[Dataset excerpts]
>>>>

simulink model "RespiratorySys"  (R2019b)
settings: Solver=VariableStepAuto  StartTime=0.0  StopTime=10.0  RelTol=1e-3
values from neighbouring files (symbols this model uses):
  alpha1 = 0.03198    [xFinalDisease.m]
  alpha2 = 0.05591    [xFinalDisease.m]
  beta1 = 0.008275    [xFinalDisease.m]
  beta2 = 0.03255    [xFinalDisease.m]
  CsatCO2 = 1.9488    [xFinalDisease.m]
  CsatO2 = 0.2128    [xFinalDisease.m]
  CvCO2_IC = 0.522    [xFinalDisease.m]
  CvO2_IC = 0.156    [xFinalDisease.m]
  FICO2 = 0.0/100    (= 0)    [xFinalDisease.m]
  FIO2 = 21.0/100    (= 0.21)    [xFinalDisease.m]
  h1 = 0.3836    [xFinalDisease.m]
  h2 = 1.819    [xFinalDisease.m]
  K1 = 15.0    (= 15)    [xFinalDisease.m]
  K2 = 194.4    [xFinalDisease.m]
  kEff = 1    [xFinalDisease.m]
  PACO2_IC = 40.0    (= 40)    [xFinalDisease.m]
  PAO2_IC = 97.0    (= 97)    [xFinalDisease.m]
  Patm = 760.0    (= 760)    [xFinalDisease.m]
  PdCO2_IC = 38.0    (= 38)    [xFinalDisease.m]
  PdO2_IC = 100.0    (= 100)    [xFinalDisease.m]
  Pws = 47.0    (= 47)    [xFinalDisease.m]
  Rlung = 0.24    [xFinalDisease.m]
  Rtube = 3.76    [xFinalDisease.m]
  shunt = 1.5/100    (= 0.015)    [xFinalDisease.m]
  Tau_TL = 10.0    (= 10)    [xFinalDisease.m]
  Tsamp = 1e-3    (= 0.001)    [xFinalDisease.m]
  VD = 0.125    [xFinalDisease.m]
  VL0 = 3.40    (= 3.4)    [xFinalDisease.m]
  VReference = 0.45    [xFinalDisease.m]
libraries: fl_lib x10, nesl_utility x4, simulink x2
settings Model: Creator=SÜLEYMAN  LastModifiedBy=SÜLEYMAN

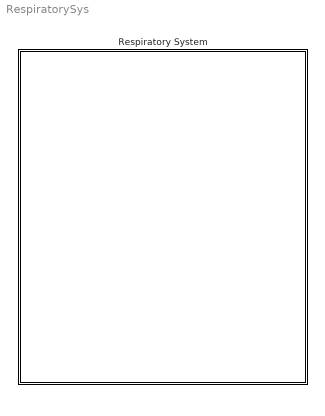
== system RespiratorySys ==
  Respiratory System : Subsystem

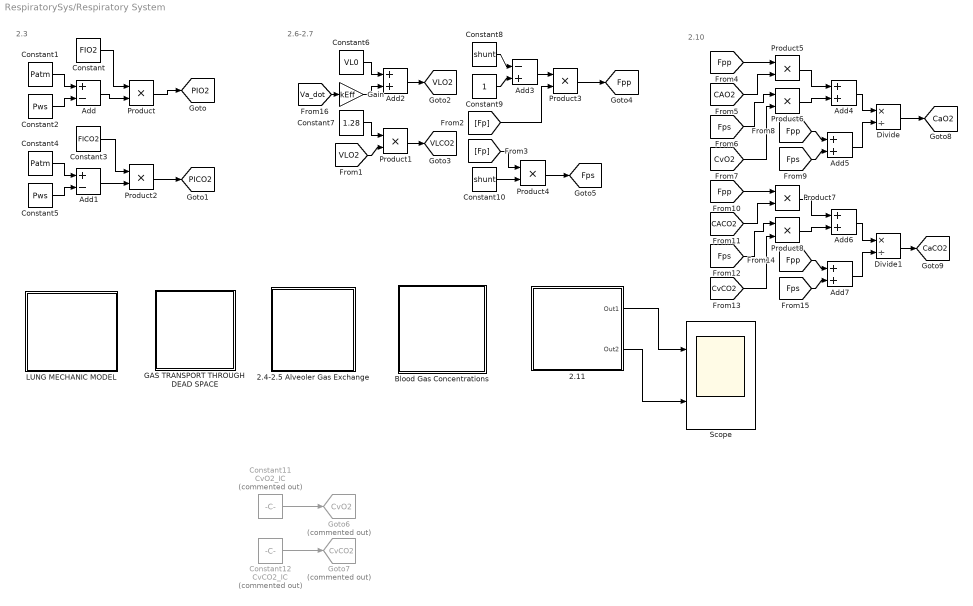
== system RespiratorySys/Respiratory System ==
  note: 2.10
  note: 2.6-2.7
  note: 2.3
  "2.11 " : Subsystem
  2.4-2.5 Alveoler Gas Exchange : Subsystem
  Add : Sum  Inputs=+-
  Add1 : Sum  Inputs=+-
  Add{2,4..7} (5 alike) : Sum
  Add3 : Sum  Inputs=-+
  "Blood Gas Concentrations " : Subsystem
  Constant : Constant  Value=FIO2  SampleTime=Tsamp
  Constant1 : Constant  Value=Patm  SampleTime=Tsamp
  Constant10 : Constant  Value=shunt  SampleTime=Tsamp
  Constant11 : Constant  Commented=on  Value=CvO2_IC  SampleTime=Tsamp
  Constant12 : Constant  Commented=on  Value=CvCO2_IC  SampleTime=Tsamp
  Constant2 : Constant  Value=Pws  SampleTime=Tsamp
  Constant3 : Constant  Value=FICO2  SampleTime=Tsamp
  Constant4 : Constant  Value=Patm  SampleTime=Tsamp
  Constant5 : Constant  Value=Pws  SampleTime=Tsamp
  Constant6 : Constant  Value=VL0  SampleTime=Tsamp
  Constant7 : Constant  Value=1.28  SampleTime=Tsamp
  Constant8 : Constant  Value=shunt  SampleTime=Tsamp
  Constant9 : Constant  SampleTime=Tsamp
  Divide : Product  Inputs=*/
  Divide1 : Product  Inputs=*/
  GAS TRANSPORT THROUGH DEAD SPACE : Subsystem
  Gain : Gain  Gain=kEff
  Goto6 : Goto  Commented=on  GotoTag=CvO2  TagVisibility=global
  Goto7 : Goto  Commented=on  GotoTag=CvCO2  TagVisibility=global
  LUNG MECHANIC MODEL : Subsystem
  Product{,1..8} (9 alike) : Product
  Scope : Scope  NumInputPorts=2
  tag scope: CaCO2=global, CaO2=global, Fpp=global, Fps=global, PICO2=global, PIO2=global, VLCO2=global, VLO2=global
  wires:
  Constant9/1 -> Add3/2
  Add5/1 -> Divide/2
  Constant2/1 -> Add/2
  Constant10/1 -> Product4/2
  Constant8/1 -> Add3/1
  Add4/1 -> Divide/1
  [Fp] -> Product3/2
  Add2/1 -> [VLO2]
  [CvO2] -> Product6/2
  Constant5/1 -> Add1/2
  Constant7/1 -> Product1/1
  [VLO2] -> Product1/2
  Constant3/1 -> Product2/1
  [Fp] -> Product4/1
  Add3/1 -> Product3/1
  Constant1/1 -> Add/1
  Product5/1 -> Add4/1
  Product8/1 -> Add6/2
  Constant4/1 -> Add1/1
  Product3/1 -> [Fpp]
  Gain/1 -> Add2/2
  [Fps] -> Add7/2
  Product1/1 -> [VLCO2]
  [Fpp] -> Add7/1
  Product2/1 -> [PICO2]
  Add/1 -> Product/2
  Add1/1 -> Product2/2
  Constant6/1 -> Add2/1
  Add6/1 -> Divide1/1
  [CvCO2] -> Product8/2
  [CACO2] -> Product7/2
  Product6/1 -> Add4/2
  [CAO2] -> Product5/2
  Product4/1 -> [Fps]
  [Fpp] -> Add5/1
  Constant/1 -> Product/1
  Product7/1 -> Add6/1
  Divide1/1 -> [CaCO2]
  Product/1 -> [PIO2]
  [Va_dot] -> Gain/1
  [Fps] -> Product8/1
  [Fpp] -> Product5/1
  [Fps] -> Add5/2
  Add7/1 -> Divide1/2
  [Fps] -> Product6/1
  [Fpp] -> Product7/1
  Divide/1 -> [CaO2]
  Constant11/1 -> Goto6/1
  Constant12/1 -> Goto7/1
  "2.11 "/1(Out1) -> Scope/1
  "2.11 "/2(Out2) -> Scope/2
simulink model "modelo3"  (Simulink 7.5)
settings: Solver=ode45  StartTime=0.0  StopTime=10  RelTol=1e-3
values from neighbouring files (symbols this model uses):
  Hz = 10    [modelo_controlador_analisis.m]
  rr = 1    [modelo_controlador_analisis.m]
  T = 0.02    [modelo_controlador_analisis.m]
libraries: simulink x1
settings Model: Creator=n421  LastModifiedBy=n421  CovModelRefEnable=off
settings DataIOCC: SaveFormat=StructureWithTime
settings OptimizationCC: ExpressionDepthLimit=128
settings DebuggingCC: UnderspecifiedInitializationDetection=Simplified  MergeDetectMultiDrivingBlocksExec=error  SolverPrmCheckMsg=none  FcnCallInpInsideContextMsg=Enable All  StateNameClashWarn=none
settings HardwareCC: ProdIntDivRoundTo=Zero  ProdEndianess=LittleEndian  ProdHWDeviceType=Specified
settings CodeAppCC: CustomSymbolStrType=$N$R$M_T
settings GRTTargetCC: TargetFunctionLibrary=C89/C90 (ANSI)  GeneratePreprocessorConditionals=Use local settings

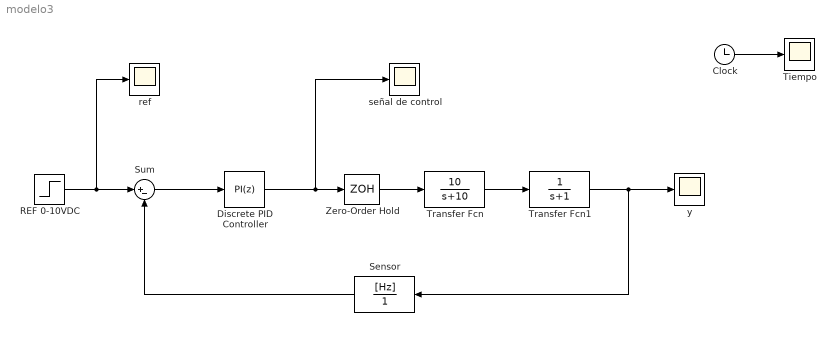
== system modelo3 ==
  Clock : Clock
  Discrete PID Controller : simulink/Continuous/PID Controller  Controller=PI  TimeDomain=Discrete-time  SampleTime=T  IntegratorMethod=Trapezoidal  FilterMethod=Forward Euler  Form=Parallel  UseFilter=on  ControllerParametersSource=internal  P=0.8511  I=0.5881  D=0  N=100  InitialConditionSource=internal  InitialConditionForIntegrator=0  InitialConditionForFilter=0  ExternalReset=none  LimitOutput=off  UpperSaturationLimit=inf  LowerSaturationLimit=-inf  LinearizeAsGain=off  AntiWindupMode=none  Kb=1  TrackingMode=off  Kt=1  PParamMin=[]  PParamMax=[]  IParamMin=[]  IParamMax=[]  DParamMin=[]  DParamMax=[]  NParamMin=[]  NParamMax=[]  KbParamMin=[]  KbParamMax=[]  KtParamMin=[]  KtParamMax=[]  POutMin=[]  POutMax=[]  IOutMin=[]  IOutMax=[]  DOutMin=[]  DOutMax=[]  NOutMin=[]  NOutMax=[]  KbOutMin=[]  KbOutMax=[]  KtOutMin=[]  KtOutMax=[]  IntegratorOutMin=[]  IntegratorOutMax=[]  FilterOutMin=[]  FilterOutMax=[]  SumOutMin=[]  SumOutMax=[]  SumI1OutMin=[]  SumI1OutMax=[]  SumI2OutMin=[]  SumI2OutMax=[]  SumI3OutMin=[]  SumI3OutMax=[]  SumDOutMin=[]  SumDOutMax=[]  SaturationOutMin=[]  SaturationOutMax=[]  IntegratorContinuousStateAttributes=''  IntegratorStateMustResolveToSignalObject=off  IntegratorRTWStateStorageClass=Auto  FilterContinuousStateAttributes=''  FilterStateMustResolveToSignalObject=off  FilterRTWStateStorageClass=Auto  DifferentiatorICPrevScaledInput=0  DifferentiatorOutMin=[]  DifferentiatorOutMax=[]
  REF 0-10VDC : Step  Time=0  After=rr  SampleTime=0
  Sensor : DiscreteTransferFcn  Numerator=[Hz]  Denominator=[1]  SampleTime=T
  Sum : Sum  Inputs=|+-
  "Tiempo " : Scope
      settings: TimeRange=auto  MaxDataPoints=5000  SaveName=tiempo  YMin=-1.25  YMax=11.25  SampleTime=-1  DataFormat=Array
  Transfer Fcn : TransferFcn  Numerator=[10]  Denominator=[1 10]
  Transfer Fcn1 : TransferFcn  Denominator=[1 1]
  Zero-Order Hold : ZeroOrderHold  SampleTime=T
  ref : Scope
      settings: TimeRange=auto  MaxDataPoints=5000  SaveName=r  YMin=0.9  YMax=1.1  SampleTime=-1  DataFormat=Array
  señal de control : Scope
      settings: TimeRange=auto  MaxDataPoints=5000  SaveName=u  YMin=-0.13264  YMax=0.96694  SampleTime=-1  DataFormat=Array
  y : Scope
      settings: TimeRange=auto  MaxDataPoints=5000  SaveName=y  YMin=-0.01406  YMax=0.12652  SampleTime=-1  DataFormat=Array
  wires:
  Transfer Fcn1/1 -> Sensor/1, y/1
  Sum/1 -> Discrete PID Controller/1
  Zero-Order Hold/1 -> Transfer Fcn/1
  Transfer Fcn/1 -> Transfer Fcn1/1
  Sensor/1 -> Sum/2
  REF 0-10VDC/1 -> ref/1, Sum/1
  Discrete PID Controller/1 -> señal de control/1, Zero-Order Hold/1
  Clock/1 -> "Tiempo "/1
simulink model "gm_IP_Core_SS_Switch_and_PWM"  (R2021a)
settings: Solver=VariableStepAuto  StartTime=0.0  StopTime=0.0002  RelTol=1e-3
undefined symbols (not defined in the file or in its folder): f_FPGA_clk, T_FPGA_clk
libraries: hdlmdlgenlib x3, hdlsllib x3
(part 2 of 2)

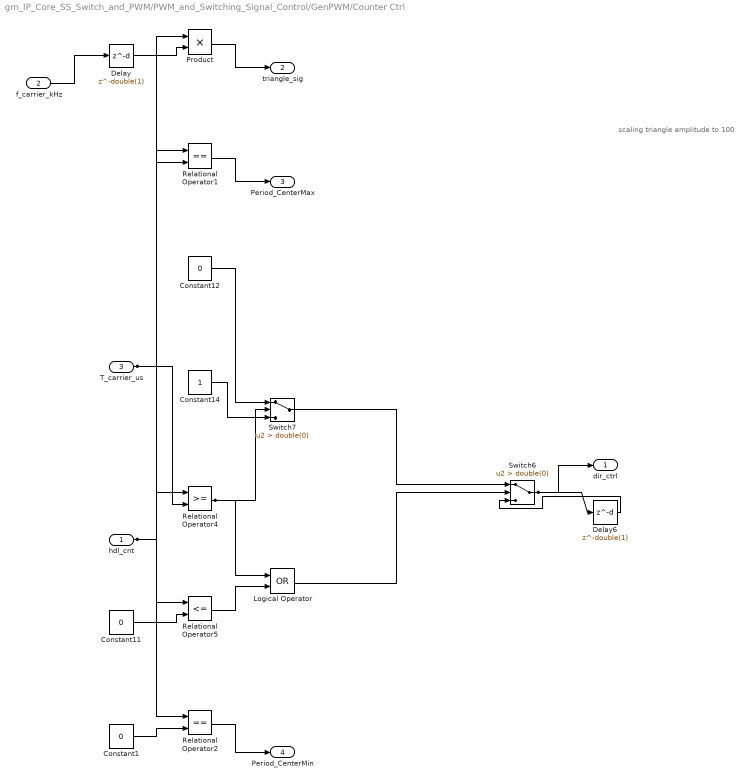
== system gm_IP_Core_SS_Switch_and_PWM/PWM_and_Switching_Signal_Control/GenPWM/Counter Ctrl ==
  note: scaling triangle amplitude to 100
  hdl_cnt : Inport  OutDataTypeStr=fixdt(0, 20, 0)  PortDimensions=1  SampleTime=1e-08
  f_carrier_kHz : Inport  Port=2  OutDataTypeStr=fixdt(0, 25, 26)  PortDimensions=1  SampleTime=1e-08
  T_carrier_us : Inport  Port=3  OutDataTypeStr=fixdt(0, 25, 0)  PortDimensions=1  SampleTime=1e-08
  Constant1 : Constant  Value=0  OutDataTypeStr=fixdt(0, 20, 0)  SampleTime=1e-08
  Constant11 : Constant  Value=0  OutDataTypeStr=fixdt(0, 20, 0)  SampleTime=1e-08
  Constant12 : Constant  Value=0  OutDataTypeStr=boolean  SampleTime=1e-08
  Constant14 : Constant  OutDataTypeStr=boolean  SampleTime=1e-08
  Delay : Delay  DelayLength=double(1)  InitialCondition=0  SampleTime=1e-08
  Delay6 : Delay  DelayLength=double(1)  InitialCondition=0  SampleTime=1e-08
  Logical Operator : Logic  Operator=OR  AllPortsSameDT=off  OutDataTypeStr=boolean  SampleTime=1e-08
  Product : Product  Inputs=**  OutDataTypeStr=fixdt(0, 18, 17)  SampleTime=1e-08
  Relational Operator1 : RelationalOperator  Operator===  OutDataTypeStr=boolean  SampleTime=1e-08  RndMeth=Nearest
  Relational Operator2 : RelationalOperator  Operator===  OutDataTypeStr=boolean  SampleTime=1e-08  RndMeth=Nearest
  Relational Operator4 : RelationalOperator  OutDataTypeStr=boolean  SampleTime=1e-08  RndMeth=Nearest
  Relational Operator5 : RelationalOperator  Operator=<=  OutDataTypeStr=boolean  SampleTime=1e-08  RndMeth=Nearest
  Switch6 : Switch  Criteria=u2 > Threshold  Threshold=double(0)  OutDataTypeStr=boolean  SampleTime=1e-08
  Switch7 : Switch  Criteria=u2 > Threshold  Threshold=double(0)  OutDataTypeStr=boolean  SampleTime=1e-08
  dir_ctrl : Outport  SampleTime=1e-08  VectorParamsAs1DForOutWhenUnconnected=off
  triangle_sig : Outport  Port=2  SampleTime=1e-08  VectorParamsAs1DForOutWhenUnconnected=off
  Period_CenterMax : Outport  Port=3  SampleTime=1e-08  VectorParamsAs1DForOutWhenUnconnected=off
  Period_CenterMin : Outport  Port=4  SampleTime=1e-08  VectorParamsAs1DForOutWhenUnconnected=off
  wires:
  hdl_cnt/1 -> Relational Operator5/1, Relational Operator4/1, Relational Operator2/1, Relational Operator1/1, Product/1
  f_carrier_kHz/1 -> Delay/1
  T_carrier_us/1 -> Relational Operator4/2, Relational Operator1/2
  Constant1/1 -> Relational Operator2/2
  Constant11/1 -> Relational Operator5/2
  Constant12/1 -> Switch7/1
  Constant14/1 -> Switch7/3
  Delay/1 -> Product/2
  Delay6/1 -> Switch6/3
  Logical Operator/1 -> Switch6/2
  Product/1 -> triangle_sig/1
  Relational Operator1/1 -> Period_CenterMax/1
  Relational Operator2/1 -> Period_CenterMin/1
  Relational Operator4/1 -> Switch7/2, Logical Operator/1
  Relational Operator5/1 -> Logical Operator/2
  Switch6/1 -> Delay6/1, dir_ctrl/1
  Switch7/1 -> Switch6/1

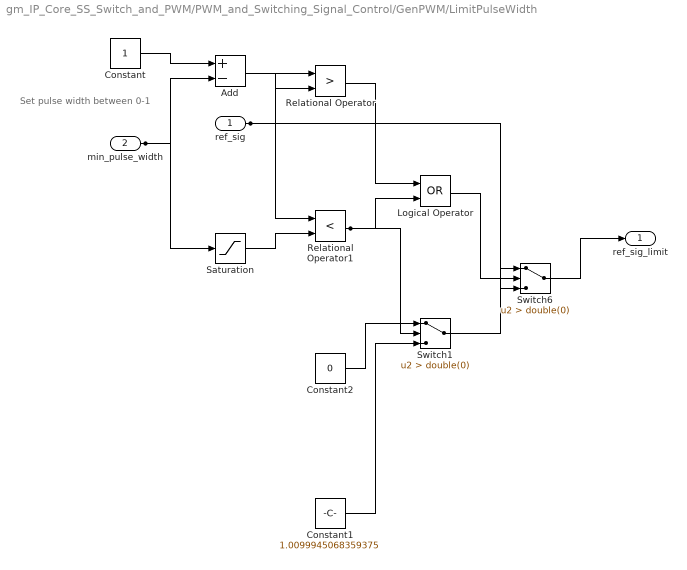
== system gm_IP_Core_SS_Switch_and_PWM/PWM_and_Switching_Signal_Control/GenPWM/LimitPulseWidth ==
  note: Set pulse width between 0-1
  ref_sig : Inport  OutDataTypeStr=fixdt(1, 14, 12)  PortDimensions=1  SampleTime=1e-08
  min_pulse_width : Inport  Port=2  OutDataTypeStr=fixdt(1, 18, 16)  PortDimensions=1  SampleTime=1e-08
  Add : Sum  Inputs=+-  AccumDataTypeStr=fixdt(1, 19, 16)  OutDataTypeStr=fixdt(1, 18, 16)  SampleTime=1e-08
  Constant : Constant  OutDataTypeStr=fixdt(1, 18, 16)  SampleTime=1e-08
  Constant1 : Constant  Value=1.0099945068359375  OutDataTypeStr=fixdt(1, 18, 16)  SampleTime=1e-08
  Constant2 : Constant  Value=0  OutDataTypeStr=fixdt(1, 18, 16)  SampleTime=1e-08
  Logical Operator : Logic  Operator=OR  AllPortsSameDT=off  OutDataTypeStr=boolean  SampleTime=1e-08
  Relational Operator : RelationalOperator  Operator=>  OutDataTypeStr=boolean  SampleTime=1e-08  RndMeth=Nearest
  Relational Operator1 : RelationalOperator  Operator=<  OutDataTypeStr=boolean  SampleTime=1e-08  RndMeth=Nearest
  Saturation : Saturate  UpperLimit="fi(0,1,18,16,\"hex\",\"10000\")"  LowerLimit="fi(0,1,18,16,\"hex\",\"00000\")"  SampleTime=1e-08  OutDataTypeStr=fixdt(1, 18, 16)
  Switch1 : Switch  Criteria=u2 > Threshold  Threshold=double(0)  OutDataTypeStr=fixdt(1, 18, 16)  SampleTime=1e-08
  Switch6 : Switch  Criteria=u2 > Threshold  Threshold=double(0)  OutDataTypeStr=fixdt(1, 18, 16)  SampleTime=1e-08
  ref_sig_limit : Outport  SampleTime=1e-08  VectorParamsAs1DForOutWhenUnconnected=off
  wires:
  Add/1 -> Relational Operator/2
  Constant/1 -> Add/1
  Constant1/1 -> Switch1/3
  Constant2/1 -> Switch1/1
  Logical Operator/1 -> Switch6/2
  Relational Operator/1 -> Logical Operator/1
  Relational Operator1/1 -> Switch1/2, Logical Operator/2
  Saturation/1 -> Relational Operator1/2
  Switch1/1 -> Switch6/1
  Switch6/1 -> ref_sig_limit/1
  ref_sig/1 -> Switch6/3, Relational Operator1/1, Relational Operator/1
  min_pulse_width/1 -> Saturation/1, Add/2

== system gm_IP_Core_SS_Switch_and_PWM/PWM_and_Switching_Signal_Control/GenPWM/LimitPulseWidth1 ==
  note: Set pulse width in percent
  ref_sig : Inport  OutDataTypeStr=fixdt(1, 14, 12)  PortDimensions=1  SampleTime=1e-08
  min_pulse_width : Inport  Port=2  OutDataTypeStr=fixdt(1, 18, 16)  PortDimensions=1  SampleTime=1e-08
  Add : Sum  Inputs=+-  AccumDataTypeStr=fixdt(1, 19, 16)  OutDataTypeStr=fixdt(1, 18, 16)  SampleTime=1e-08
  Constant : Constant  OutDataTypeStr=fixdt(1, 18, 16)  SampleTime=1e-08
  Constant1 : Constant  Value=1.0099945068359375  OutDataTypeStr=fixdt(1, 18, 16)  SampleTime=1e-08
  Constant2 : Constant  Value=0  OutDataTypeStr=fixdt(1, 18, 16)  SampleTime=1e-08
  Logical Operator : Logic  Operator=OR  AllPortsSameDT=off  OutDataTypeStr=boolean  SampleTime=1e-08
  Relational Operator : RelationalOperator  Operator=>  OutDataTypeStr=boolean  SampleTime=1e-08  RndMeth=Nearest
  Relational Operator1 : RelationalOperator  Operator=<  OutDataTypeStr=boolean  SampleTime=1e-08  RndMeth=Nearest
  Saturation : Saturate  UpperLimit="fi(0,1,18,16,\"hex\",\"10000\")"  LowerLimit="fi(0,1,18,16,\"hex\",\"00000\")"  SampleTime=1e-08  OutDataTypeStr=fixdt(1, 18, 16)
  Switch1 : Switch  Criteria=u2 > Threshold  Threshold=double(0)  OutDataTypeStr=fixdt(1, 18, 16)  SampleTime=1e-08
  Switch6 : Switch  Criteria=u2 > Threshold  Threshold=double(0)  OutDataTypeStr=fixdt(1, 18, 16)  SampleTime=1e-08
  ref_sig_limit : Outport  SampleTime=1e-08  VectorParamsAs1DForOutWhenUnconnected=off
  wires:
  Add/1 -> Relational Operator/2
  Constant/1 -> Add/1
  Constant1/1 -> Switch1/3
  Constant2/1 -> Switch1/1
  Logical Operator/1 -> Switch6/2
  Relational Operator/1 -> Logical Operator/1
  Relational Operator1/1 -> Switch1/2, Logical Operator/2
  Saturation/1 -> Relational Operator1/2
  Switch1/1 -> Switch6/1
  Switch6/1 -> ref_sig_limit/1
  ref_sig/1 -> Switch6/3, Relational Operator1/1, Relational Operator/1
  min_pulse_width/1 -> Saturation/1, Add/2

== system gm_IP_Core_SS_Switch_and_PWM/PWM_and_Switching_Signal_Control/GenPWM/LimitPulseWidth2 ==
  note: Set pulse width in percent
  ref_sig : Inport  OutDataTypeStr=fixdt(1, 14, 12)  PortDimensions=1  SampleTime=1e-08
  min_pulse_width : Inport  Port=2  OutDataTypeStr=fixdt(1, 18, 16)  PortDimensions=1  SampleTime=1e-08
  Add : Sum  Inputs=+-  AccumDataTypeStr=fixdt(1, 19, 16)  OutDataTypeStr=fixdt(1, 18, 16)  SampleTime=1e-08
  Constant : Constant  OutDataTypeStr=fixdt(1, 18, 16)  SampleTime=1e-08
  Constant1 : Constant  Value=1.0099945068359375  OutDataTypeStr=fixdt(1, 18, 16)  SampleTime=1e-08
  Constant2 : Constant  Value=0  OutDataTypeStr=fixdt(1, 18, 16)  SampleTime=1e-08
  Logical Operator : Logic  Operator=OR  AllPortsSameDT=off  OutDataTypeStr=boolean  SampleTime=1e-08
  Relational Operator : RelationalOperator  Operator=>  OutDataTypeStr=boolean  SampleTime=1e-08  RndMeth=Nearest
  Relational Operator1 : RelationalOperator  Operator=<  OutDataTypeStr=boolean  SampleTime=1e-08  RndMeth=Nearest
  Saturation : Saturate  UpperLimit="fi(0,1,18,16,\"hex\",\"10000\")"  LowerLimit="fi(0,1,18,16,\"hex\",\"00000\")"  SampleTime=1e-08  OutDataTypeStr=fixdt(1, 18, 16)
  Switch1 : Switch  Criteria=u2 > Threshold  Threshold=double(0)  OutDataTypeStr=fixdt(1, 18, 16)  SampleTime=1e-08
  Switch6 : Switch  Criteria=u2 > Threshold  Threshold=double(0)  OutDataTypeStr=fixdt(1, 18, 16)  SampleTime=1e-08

<<<<

■ Task to carry out ■
Write down again the exact lines running from the beginning of the data to the line containing "FICO2 = 0.0/100", with both ends included.

■ Written response ■
simulink model "RespiratorySys"  (R2019b)
settings: Solver=VariableStepAuto  StartTime=0.0  StopTime=10.0  RelTol=1e-3
values from neighbouring files (symbols this model uses):
  alpha1 = 0.03198    [xFinalDisease.m]
  alpha2 = 0.05591    [xFinalDisease.m]
  beta1 = 0.008275    [xFinalDisease.m]
  beta2 = 0.03255    [xFinalDisease.m]
  CsatCO2 = 1.9488    [xFinalDisease.m]
  CsatO2 = 0.2128    [xFinalDisease.m]
  CvCO2_IC = 0.522    [xFinalDisease.m]
  CvO2_IC = 0.156    [xFinalDisease.m]
  FICO2 = 0.0/100    (= 0)    [xFinalDisease.m]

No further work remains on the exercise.